The team found that current performance criteria for risk significant SSCs were adequate for balancing reliability and unavailability. The new procedure provided adequate guidance on assessing goals. However, this failure to adequately evaluate the balance between availability and reliability and evaluate goals is an example of an apparent violation of 10 CFR 60.65(a)(3). (EEI 50-387/388198-04-03)

1 1 Industry Operating Experience Extensive IOE information is available for those who have knowledge of the computer system. However, system engineers demonstrated various degrees of familiarity with the computer programs providing IOE. The distribution list of

'NETDAY', the primary input of IOE includes only four of the 15 members of the expert panel and did not include the MRC. Only a few of the system engineers are on this distribution.

The first maintenance rule periodic assessment dated March 25,1997, stated there were problems with getting industry information to the system engineers and the area was not covered by any recent NAS audit.

Although the use of IOE could be improved, the system engineers demonstrated a knowledge of IOE applicable to their systems and had copies of relevant IOE information available. Some progress was evident in improving this area since the first periodic assessment.
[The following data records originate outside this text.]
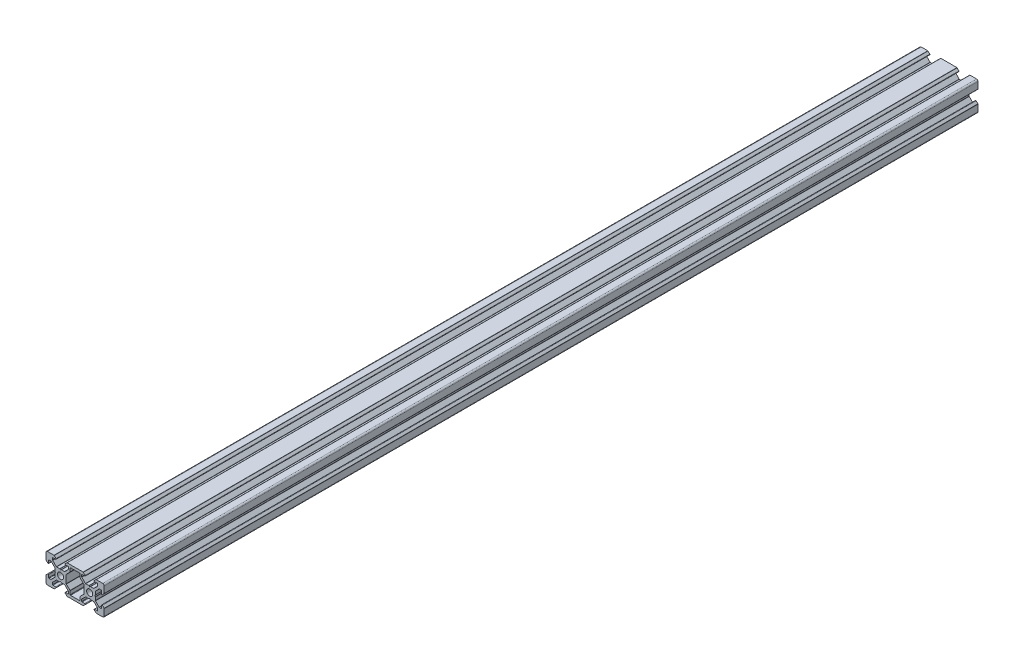
SolidWorks part; units mm, degrees
material "АД31Т ГОСТ 4784-97"
ref_plane "Спереди" through (0, 0, 0) normal (0, 0, 1) x (1, 0, 0)
ref_plane "Сверху" through (0, 0, 0) normal (0, 1, 0) x (1, 0, 0)
ref_plane "Справа" through (0, 0, 0) normal (1, 0, 0) x (0, 0, -1)
sketch "Эскиз1" plane through (0, 0, 0) normal (0, 0, 1) x (1, 0, 0)
  line L0 (12.9654, 0) -> (-12.9654, 0) construction
  line L1 (0, -12.9654) -> (0, 12.9654) construction
  line L2 (0, 0) -> (-18.3359, -18.3359) construction
  line L3 (-10, -10) -> (-10, -4.4)
  line L4 (-10, -4.4) -> (-8.2, -2.6)
  line L5 (-8.2, -2.6) -> (-8.2, -5.4993)
  line L6 (-8.2, -5.4993) -> (-6.56, -5.4993)
  line L7 (-6.56, -5.4993) -> (-3.9007, -2.84)
  line L8 (-3.9007, -2.84) -> (-3.9007, -0.5)
  line L9 (-3.9007, -0.5) -> (-3.4007, 0)
  line L10 (-0.5, -3.9007) -> (0, -3.4007)
  line L11 (-2.84, -3.9007) -> (-0.5, -3.9007)
  line L12 (-5.4993, -6.56) -> (-2.84, -3.9007)
  line L13 (-5.4993, -8.2) -> (-5.4993, -6.56)
  line L14 (-2.6, -8.2) -> (-5.4993, -8.2)
  line L15 (-4.4, -10) -> (-2.6, -8.2)
  line L16 (-10, -10) -> (-4.4, -10)
  line L17 (-10, 10) -> (-4.4, 10)
  line L18 (-4.4, 10) -> (-2.6, 8.2)
  line L19 (-2.6, 8.2) -> (-5.4993, 8.2)
  line L20 (-5.4993, 8.2) -> (-5.4993, 6.56)
  line L21 (-5.4993, 6.56) -> (-2.84, 3.9007)
  line L22 (-2.84, 3.9007) -> (-0.5, 3.9007)
  line L23 (-0.5, 3.9007) -> (0, 3.4007)
  line L24 (-3.9007, 0.5) -> (-3.4007, 0)
  line L25 (-3.9007, 2.84) -> (-3.9007, 0.5)
  line L26 (-6.56, 5.4993) -> (-3.9007, 2.84)
  line L27 (-8.2, 5.4993) -> (-6.56, 5.4993)
  line L28 (-8.2, 2.6) -> (-8.2, 5.4993)
  line L29 (-10, 4.4) -> (-8.2, 2.6)
  line L30 (-10, 10) -> (-10, 4.4)
  line L31 (0.5, 3.9007) -> (0, 3.4007)
  line L32 (0.5, -3.9007) -> (0, -3.4007)
  line L33 (10, -10) -> (10, 10) construction
  line L34 (3.9007, -0.5) -> (3.9007, 0.5)
  line L35 (6.56, -5.4993) -> (6.56, -8.2)
  line L36 (13.44, -5.4993) -> (16.0993, -2.84)
  line L37 (6.56, 5.4993) -> (3.9007, 2.84)
  line L38 (3.9007, 2.84) -> (3.9007, 0.5)
  line L39 (6.56, -8.2) -> (13.44, -8.2)
  line L40 (2.84, 3.9007) -> (0.5, 3.9007)
  line L41 (5.4993, 6.56) -> (2.84, 3.9007)
  line L42 (5.4993, 8.2) -> (5.4993, 6.56)
  line L43 (2.6, 8.2) -> (5.4993, 8.2)
  line L44 (4.4, 10) -> (2.6, 8.2)
  line L45 (15.6, 10) -> (4.4, 10)
  line L46 (15.6, -10) -> (4.4, -10)
  line L47 (4.4, -10) -> (2.6, -8.2)
  line L48 (2.6, -8.2) -> (5.4993, -8.2)
  line L49 (5.4993, -8.2) -> (5.4993, -6.56)
  line L50 (5.4993, -6.56) -> (2.84, -3.9007)
  line L51 (2.84, -3.9007) -> (0.5, -3.9007)
  line L52 (6.56, 5.4993) -> (6.56, 8.2)
  line L53 (3.9007, -2.84) -> (3.9007, -0.5)
  line L54 (6.56, -5.4993) -> (3.9007, -2.84)
  line L55 (16.0993, -2.84) -> (16.0993, -0.5)
  line L56 (6.56, 8.2) -> (13.44, 8.2)
  line L57 (13.44, 5.4993) -> (13.44, 8.2)
  line L58 (17.16, -3.9007) -> (19.5, -3.9007)
  line L59 (14.5007, -6.56) -> (17.16, -3.9007)
  line L60 (14.5007, -8.2) -> (14.5007, -6.56)
  line L61 (17.4, -8.2) -> (14.5007, -8.2)
  line L62 (15.6, -10) -> (17.4, -8.2)
  line L63 (15.6, 10) -> (17.4, 8.2)
  line L64 (17.4, 8.2) -> (14.5007, 8.2)
  line L65 (14.5007, 8.2) -> (14.5007, 6.56)
  line L66 (14.5007, 6.56) -> (17.16, 3.9007)
  line L67 (17.16, 3.9007) -> (19.5, 3.9007)
  line L68 (16.0993, 2.84) -> (16.0993, 0.5)
  line L69 (13.44, 5.4993) -> (16.0993, 2.84)
  line L70 (13.44, -5.4993) -> (13.44, -8.2)
  line L71 (16.0993, -0.5) -> (16.0993, 0.5)
  line L72 (19.5, -3.9007) -> (20, -3.4007)
  line L73 (19.5, 3.9007) -> (20, 3.4007)
  line L74 (30, 10) -> (30, 4.4)
  line L75 (30, 4.4) -> (28.2, 2.6)
  line L76 (28.2, 2.6) -> (28.2, 5.4993)
  line L77 (28.2, 5.4993) -> (26.56, 5.4993)
  line L78 (26.56, 5.4993) -> (23.9007, 2.84)
  line L79 (23.9007, 2.84) -> (23.9007, 0.5)
  line L80 (23.9007, 0.5) -> (23.4007, 0)
  line L81 (20.5, 3.9007) -> (20, 3.4007)
  line L82 (22.84, 3.9007) -> (20.5, 3.9007)
  line L83 (25.4993, 6.56) -> (22.84, 3.9007)
  line L84 (25.4993, 8.2) -> (25.4993, 6.56)
  line L85 (22.6, 8.2) -> (25.4993, 8.2)
  line L86 (24.4, 10) -> (22.6, 8.2)
  line L87 (30, 10) -> (24.4, 10)
  line L88 (30, -10) -> (24.4, -10)
  line L89 (24.4, -10) -> (22.6, -8.2)
  line L90 (22.6, -8.2) -> (25.4993, -8.2)
  line L91 (25.4993, -8.2) -> (25.4993, -6.56)
  line L92 (25.4993, -6.56) -> (22.84, -3.9007)
  line L93 (22.84, -3.9007) -> (20.5, -3.9007)
  line L94 (20.5, -3.9007) -> (20, -3.4007)
  line L95 (23.9007, -0.5) -> (23.4007, 0)
  line L96 (23.9007, -2.84) -> (23.9007, -0.5)
  line L97 (26.56, -5.4993) -> (23.9007, -2.84)
  line L98 (28.2, -5.4993) -> (26.56, -5.4993)
  line L99 (28.2, -2.6) -> (28.2, -5.4993)
  line L100 (30, -4.4) -> (28.2, -2.6)
  line L101 (30, -10) -> (30, -4.4)
  circle A0 centre (0, 0) radius 2.1
  circle A1 centre (20, 0) radius 2.1
  point P62 (10, 8.2)
  point P80 (10, -8.2)
  dimension "D5" = 2.6
  dimension "D10" = 4.2
  dimension "D2" = 10
  dimension "D3" = 1.64
  dimension "D4" = 1.5
  dimension "D6" = 1.8
  dimension "D7" = 2.84
  dimension "D8" = 0.5
  dimension "D9" = 45
extrude "Бобышка-Вытянуть1" add sketch "Эскиз1" along normal up to surface (600 mm away)
fillet "Скругление1" radius 1 4 edges at (-10, 10, 300) (-10, -10, 300) (30, 10, 300) (30, -10, 300)
fillet "Скругление2" radius 0.3 83 edges at (-4.4, 10, 300) (-2.6, 8.2, 300) (-5.4993, 8.2, 300) (-5.4993, 6.56, 300) (-2.84, 3.9007, 300) (-0.5, 3.9007, 300) (0.5, 3.9007, 300) (2.84, 3.9007, 300) (5.4993, 6.56, 300) (4.4, 10, 300) (5.4993, 8.2, 300) (2.6, 8.2, 300) (3.9007, 2.84, 300) (3.9007, -2.84, 300) (4.4, -10, 300) (2.6, -8.2, 300) (5.4993, -8.2, 300) (5.4993, -6.56, 300) (2.84, -3.9007, 300) (0.5, -3.9007, 300) (-0.5, -3.9007, 300) (-2.84, -3.9007, 300) (-5.4993, -6.56, 300) (-5.4993, -8.2, 300) (-2.6, -8.2, 300) (-10, -4.4, 300) (-8.2, -2.6, 300) (-8.2, -5.4993, 300) (-6.56, -5.4993, 300) (-3.9007, -2.84, 300) (-3.9007, -0.5, 300) (-3.9007, 0.5, 300) (-3.9007, 2.84, 300) (-6.56, 5.4993, 300) (-8.2, 5.4993, 300) (-8.2, 2.6, 300) (-10, 4.4, 300) (6.56, -5.4993, 300) (6.56, 5.4993, 300) (6.56, 8.2, 300) (13.44, 8.2, 300) (13.44, 5.4993, 300) (16.0993, 2.84, 300) (16.0993, -2.84, 300) (13.44, -5.4993, 300) (13.44, -8.2, 300) (6.56, -8.2, 300) (15.6, 10, 300) (17.4, 8.2, 300) (14.5007, 8.2, 300) (14.5007, 6.56, 300) (17.16, 3.9007, 300) (19.5, 3.9007, 300) (20.5, 3.9007, 300) (22.84, 3.9007, 300) (25.4993, 6.56, 300) (25.4993, 8.2, 300) (22.6, 8.2, 300) (24.4, 10, 300) (30, 4.4, 300) (28.2, 2.6, 300) (28.2, 5.4993, 300) (26.56, 5.4993, 300) (23.9007, 2.84, 300) (23.9007, 0.5, 300) (23.9007, -0.5, 300) (23.9007, -2.84, 300) (26.56, -5.4993, 300) (28.2, -5.4993, 300) (28.2, -2.6, 300) (30, -4.4, 300) (24.4, -10, 300) (22.6, -8.2, 300) (25.4993, -8.2, 300) (25.4993, -6.56, 300) (22.84, -3.9007, 300) (20.5, -3.9007, 300) (19.5, -3.9007, 300) (17.16, -3.9007, 300) (14.5007, -6.56, 300) (14.5007, -8.2, 300) (17.4, -8.2, 300) (15.6, -10, 300)

Plant Safety Assessments Before Taking Equipment Out-of-Service The online maintenance program was described in NEPM-QA-0900, 'Assessment of On-Line Work Windows,' Revision 2, dated 5/15/98, and 'SSES Tactics for Excellence through Accountable Management," (TEAM MANUAL), approved at PORC Meeting No.95-166, dated 12/28/95.

Procedure NEPM-QA-0900 was intended to provide guidance to assess the risk from on-line work and identify mitigating measures which reduce the instantaneous risk during the on-line work window when the reactor was in Mode 1. The procedure also was intended to provide a format for preparing both specific and generic safety assessments of the on-line work windows for on-line work activities that were beyond the scope of the TEAM Manual. Scheduling of routine on-line work windows was covered in the TEAM Manual. Activities covered by the TEAM Manual were generally of short duration and were limited to one safety system.

Procedure NEPM-QA-0900 was targeted at on-line work activities that generally lasted more than one day, were more complex, and covered risk significant systems.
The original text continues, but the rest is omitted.